___ MATERIAL PROVIDED ___

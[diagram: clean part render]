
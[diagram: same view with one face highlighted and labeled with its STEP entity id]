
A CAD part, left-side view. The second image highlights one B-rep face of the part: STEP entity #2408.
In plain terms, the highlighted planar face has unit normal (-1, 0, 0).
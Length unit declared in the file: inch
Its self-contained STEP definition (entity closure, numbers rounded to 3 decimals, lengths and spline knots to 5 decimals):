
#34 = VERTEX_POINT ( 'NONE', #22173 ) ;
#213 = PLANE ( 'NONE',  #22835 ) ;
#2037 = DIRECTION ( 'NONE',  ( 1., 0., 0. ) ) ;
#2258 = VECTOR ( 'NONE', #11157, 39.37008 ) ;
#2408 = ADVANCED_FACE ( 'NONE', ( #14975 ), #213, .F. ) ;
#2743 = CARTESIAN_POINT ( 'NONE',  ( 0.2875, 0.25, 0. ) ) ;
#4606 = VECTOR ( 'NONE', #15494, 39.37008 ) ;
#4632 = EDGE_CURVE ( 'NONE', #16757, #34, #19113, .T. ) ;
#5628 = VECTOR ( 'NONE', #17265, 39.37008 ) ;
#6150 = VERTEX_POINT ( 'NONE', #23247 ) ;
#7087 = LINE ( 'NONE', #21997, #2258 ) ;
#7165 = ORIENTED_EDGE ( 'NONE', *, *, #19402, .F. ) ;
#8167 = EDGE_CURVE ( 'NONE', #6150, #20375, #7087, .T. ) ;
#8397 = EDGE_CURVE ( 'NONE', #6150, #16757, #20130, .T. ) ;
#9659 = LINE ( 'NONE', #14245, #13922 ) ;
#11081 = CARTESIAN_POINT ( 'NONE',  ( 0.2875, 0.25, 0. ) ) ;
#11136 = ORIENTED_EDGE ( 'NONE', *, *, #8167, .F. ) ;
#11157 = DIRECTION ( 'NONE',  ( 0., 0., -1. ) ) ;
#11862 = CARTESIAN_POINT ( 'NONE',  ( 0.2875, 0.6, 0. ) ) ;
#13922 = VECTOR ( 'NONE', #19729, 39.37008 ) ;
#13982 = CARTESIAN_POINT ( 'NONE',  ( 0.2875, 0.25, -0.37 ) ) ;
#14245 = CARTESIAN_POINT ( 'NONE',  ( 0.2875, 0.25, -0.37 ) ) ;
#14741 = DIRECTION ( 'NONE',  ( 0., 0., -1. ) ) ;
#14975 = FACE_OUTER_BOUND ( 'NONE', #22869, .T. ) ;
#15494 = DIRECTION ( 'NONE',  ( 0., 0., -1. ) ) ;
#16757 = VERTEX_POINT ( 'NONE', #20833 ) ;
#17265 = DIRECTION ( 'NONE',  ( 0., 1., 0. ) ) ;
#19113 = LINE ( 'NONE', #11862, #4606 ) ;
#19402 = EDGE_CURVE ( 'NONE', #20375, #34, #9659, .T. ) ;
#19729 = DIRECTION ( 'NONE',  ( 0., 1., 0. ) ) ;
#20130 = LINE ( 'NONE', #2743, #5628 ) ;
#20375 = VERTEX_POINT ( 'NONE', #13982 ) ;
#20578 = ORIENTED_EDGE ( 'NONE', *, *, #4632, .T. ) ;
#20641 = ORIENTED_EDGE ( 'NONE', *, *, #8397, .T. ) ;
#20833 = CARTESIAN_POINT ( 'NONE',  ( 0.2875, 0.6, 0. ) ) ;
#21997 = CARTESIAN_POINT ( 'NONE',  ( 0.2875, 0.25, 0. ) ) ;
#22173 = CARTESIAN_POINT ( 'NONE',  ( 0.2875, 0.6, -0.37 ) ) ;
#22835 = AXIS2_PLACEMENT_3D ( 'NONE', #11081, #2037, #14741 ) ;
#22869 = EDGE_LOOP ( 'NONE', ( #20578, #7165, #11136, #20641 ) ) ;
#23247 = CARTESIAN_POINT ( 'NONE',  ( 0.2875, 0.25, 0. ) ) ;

___

**EXERCISE REQUIREMENTS**:
Could you output, exactly and with nothing else, the lines from the start of the records through the line containing "A CAD part, left-side"?

**RESPONSE BOX**:
[diagram: clean part render]
[diagram: same view with one face highlighted and labeled with its STEP entity id]
A CAD part, left-side view. The second image highlights one B-rep face of the part: STEP entity #2408.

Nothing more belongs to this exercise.